"""
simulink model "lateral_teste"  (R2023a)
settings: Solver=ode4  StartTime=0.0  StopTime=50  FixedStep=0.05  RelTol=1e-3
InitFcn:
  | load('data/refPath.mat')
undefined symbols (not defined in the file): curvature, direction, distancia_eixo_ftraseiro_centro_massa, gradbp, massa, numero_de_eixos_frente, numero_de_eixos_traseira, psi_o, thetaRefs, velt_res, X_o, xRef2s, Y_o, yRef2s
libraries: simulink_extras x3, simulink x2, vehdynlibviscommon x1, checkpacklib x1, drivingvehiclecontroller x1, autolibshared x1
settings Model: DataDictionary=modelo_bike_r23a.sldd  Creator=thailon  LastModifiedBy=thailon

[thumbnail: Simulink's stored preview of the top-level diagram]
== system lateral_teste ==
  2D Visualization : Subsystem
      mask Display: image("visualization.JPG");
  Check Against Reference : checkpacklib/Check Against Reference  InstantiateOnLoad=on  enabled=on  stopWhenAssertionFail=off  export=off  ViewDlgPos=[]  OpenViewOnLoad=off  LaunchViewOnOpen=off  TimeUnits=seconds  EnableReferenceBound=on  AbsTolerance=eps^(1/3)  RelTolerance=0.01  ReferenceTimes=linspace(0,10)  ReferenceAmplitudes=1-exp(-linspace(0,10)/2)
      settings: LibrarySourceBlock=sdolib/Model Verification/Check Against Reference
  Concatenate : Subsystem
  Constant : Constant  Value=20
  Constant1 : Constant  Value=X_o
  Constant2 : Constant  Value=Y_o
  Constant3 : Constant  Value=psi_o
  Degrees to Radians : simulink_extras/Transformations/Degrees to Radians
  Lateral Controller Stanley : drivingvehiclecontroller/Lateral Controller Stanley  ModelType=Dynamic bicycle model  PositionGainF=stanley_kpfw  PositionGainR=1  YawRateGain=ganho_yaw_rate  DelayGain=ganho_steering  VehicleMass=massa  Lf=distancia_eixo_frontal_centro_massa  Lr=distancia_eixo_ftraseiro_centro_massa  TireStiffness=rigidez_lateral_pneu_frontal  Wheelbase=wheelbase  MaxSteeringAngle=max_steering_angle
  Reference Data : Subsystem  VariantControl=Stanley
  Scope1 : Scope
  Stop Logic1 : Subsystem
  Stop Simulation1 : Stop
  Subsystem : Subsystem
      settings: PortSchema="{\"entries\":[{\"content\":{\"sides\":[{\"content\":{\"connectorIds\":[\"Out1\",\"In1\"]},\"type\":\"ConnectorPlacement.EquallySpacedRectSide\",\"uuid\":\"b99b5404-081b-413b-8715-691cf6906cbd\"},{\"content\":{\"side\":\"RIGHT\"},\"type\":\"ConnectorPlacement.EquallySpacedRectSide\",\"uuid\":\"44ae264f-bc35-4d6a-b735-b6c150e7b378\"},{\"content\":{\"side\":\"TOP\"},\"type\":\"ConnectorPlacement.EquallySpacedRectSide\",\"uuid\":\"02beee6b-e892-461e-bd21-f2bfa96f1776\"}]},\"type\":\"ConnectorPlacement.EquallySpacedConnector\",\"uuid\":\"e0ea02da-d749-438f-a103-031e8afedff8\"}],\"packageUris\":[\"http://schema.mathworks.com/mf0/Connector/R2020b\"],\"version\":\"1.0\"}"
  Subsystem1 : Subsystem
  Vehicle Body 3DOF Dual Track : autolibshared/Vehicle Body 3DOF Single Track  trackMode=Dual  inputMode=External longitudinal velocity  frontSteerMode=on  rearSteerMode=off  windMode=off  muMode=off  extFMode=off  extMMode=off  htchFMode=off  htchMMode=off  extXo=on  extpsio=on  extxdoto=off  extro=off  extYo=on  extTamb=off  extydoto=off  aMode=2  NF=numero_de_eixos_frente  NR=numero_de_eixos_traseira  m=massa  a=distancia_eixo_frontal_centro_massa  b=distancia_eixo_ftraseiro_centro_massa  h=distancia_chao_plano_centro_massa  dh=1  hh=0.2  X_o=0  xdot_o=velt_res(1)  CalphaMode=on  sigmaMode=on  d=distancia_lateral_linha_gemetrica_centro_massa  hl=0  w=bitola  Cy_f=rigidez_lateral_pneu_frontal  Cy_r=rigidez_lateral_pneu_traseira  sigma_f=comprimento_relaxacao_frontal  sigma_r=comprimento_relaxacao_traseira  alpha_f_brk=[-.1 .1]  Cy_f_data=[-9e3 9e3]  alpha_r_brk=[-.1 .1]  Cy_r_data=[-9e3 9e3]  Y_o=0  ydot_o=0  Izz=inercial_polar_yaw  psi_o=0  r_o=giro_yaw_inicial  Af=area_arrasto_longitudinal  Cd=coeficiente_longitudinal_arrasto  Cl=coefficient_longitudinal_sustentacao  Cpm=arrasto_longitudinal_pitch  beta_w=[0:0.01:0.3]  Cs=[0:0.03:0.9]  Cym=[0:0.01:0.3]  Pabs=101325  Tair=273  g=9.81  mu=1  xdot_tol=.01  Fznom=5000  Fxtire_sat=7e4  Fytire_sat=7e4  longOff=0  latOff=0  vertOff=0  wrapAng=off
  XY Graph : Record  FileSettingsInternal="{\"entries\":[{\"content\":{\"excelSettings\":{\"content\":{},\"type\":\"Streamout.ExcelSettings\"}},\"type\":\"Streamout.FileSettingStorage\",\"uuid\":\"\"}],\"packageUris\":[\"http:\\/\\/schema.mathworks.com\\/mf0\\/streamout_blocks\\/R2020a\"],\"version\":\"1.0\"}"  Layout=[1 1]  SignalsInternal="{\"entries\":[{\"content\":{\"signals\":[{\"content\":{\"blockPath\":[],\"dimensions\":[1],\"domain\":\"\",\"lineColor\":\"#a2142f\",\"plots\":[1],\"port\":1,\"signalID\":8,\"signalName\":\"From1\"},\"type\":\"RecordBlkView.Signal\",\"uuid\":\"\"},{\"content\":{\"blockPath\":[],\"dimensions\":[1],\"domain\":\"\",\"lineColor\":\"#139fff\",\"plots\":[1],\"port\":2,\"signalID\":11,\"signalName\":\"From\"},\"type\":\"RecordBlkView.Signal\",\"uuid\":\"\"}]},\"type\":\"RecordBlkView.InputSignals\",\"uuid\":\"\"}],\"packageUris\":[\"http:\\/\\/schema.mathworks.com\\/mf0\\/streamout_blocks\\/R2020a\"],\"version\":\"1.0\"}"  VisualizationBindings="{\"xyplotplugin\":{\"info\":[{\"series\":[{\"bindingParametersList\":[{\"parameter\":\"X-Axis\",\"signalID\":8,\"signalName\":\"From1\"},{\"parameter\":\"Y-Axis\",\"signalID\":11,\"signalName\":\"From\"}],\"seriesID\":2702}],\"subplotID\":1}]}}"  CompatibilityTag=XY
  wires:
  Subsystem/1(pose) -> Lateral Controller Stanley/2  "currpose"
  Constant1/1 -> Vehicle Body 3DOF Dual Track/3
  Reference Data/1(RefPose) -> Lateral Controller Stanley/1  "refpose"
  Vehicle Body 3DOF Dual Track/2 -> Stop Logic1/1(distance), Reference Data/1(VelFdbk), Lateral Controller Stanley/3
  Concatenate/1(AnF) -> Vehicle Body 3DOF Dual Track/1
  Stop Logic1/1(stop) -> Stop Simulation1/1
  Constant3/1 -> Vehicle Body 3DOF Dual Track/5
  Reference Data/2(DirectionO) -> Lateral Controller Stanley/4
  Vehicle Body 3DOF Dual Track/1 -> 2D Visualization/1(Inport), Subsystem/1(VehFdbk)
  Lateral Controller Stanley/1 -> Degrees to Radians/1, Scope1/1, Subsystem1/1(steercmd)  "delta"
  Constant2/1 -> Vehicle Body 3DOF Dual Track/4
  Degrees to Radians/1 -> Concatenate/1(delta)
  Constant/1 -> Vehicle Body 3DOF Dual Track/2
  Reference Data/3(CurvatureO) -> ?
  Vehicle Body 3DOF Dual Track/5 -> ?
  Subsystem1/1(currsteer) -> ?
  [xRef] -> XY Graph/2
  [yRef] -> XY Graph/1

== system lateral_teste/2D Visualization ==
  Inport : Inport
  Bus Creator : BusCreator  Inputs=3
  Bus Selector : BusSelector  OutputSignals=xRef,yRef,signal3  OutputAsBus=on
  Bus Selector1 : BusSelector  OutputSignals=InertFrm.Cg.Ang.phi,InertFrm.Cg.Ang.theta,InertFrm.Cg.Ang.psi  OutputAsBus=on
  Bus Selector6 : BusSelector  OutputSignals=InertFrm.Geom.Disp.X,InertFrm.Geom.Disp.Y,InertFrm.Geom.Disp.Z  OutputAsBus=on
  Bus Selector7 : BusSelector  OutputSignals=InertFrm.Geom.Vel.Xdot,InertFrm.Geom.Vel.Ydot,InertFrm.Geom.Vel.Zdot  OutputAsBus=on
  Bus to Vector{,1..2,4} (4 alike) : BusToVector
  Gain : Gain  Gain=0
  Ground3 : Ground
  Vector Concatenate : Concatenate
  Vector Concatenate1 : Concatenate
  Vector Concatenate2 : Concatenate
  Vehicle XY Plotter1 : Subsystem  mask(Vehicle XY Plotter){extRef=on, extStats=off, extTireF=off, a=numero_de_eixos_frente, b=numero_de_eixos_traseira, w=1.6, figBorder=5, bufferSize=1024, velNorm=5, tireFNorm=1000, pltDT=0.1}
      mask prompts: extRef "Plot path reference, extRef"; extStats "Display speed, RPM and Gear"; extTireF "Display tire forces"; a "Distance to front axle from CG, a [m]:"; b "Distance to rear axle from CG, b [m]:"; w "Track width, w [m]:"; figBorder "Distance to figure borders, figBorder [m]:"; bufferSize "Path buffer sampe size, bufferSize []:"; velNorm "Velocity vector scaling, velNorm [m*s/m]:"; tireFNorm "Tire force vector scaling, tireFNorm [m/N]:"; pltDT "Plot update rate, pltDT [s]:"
"""
### What you will do
Within the data, how many lines hold "Geom"? Respond with only the number.

### Result of the exercise
2